Instructions to follow> Check each line of the entries for "color" and report the ones that have it.
*** Provided data Section Begins ***
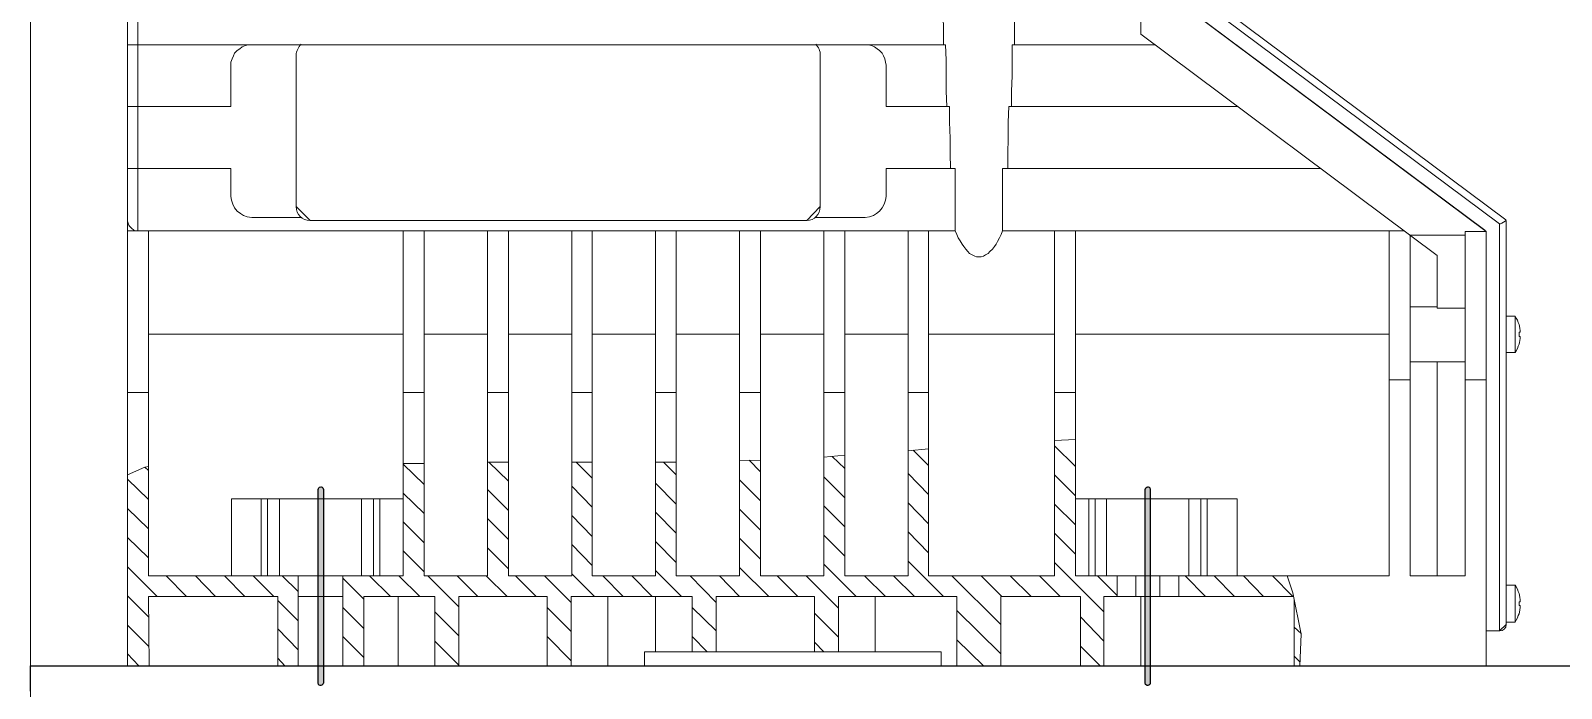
# Model space of a CAD drawing. Header units: millimetres. Extents: x 100 to 940, y 100 to 694.
# Drawn here: x 565.16 to 572.66, y 432.39 to 435.61 of the extents above; entities that cross this region are included whole.
import ezdxf

# ---------------------------------------------------------------- set-up
doc = ezdxf.new("R2010")
doc.units = ezdxf.units.MM
doc.layers.add('M-EQUIPAMENTOS', color=1, linetype='Continuous', lineweight=9)

msp = doc.modelspace()

# ---------------------------------------------------------------- hatches: boundary and pattern name
h = msp.add_hatch(color=1)
edge = h.paths.add_edge_path()
edge.add_line((566.5724, 432.4198), (566.5724, 433.3659))
edge.add_spline(control_points=[(566.5724, 433.3659), (566.5724, 433.3722), (566.5755, 433.3784), (566.5848, 433.3784), (566.5848, 433.3784), (566.591, 433.3784), (566.5972, 433.3722), (566.5972, 433.3659)], knot_values=[0, 0, 0, 0, 0.125, 0.125, 0.125, 0.125, 1, 1, 1, 1], degree=3, periodic=0)
edge.add_line((566.5972, 433.3659), (566.5972, 432.4198))
edge.add_spline(control_points=[(566.5972, 432.4198), (566.5972, 432.4136), (566.591, 432.4074), (566.5848, 432.4074), (566.5848, 432.4074), (566.5755, 432.4074), (566.5724, 432.4136), (566.5724, 432.4198)], knot_values=[0, 0, 0, 0, 0.125, 0.125, 0.125, 0.125, 1, 1, 1, 1], degree=3, periodic=0)
h = msp.add_hatch(color=1)
edge = h.paths.add_edge_path()
edge.add_line((570.6205, 432.4198), (570.6205, 433.3659))
edge.add_spline(control_points=[(570.6205, 433.3659), (570.6205, 433.3722), (570.6267, 433.3784), (570.6329, 433.3784), (570.6329, 433.3784), (570.6422, 433.3784), (570.6453, 433.3722), (570.6453, 433.3659)], knot_values=[0, 0, 0, 0, 0.125, 0.125, 0.125, 0.125, 1, 1, 1, 1], degree=3, periodic=0)
edge.add_line((570.6453, 433.3659), (570.6453, 432.4198))
edge.add_spline(control_points=[(570.6453, 432.4198), (570.6453, 432.4136), (570.6422, 432.4074), (570.6329, 432.4074), (570.6329, 432.4074), (570.6267, 432.4074), (570.6205, 432.4136), (570.6205, 432.4198)], knot_values=[0, 0, 0, 0, 0.125, 0.125, 0.125, 0.125, 1, 1, 1, 1], degree=3, periodic=0)

# ---------------------------------------------------------------- linework, layer by layer
at = {"color": 1, "linetype": 'Continuous', "lineweight": 9}
for p, q in [((566.4638, 434.7495), (566.532, 434.6812)), ((568.964, 434.6812), (569.0292, 434.7495)), ((569.0292, 434.7495), (569.0292, 434.7495)), ((566.532, 434.6812), (566.532, 434.6812)), ((572.3545, 432.6742), (572.3886, 432.7052)), ((572.3886, 432.7052), (572.3886, 432.7052))]:
    msp.add_line(p, q, dxfattribs=at)
at = {"color": 1, "linetype": 'Continuous', "lineweight": 25}
for p, q in [((566.5724, 432.4198), (566.5724, 433.3659)), ((566.5972, 433.3659), (566.5972, 432.4198)), ((570.6205, 432.4198), (570.6205, 433.3659)), ((570.6453, 433.3659), (570.6453, 432.4198))]:
    msp.add_line(p, q, dxfattribs=at)
at = {"color": 1}
for p, q in [((565.164, 432.5036), (575.164, 432.5036)), ((565.164, 432.3786), (565.164, 432.5036))]:
    msp.add_line(p, q, dxfattribs=at)
at = {"color": 1, "linetype": 'Continuous', "lineweight": 9}
for points in [[(570.5988, 435.8445), (570.5988, 435.5932), (570.5988, 435.5932)], [(565.6386, 432.5036), (565.6386, 433.4373), (565.6386, 435.7111)], [(565.6883, 434.6316), (565.6883, 435.7111), (565.6883, 435.7111)], [(569.634, 435.5405), (569.634, 435.5839), (569.634, 435.6273), (569.6309, 435.6676), (569.6309, 435.7111)], [(569.9815, 435.7111), (569.9815, 435.6676), (569.9815, 435.6273), (569.9815, 435.5839), (569.9815, 435.5405)], [(572.3545, 434.6657), (570.9214, 435.7328), (570.9214, 435.7328)], [(572.3855, 434.6843), (570.9431, 435.7607), (570.9431, 435.7607)], [(570.8407, 435.708), (572.2832, 434.6347), (572.2832, 434.6347)], [(572.2894, 434.6285), (570.8438, 435.7049), (570.8438, 435.7049)], [(570.5988, 435.5932), (572.0505, 434.5106), (572.0505, 434.5106)], [(565.6386, 435.5405), (569.6434, 435.5405), (569.6434, 435.5405)], [(566.1443, 435.4412), (566.1443, 435.4567), (566.1505, 435.4722), (566.1567, 435.4877), (566.1629, 435.5001), (566.1753, 435.5125), (566.1877, 435.5219), (566.2001, 435.5312), (566.2156, 435.5374), (566.2311, 435.5405), (566.2466, 435.5405)], [(566.4638, 434.7495), (566.4638, 435.4908), (566.4638, 435.4908)], [(569.0292, 435.4908), (569.0292, 434.7495), (569.0292, 434.7495)], [(569.2494, 435.5405), (569.2649, 435.5405), (569.2804, 435.5374), (569.2959, 435.5312), (569.3083, 435.5219), (569.3207, 435.5125), (569.3332, 435.5001), (569.3394, 435.4877), (569.3456, 435.4722), (569.3487, 435.4567), (569.3518, 435.4412)], [(569.6496, 435.2396), (569.6465, 435.314), (569.6465, 435.3885), (569.6465, 435.466), (569.6434, 435.5405)], [(569.9691, 435.5405), (569.9691, 435.466), (569.9691, 435.3885), (569.966, 435.314), (569.966, 435.2396)], [(569.9691, 435.5405), (570.667, 435.5405), (570.667, 435.5405)], [(566.1443, 435.2396), (566.1443, 435.4412), (566.1443, 435.4412)], [(569.3518, 435.2396), (569.3518, 435.4412), (569.3518, 435.4412)], [(565.6386, 435.2396), (566.1443, 435.2396), (566.1443, 435.2396)], [(569.3518, 435.2396), (569.662, 435.2396), (569.662, 435.2396)], [(569.6682, 434.9356), (569.6651, 435.01), (569.6651, 435.0845), (569.662, 435.162), (569.662, 435.2396)], [(569.9536, 435.2396), (569.9505, 435.162), (569.9505, 435.0845), (569.9474, 435.01), (569.9474, 434.9356)], [(569.9536, 435.2396), (571.0765, 435.2396), (571.0765, 435.2396)], [(565.6386, 434.9356), (566.1443, 434.9356), (566.1443, 434.9356)], [(566.1443, 434.7991), (566.1443, 434.9356), (566.1443, 434.9356)], [(569.3518, 434.9356), (569.6899, 434.9356), (569.6899, 434.9356)], [(569.3518, 434.9356), (569.3518, 434.7991), (569.3518, 434.7991)], [(569.6899, 434.6316), (569.6899, 434.9356), (569.6899, 434.9356)], [(569.9225, 434.9356), (571.4829, 434.9356), (571.4829, 434.9356)], [(569.9225, 434.6316), (569.9225, 434.9356), (569.9225, 434.9356)], [(566.4886, 434.6967), (566.2466, 434.6967), (566.2249, 434.6998), (566.2063, 434.706), (566.1908, 434.7153), (566.1753, 434.7277), (566.1629, 434.7432), (566.1536, 434.7619), (566.1474, 434.7805), (566.1443, 434.7991)], [(569.3518, 434.7991), (569.3487, 434.7805), (569.3425, 434.7619), (569.3332, 434.7432), (569.3207, 434.7277), (569.3052, 434.7153), (569.2897, 434.706), (569.2711, 434.6998), (569.2494, 434.6967)], [(565.6386, 434.6874), (565.6386, 434.6781), (565.6417, 434.6688), (565.6448, 434.6595), (565.6479, 434.6533), (565.6542, 434.6471), (565.6604, 434.6409), (565.6666, 434.6378), (565.6728, 434.6316), (565.6821, 434.6316), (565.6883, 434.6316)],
*** Provided data Section Ends ***
Output below>
doc.layers.add('M-EQUIPAMENTOS', color=1, linetype='Continuous', lineweight=9)
h = msp.add_hatch(color=1)
h = msp.add_hatch(color=1)
at = {"color": 1, "linetype": 'Continuous', "lineweight": 9}
at = {"color": 1, "linetype": 'Continuous', "lineweight": 25}
at = {"color": 1}
at = {"color": 1, "linetype": 'Continuous', "lineweight": 9}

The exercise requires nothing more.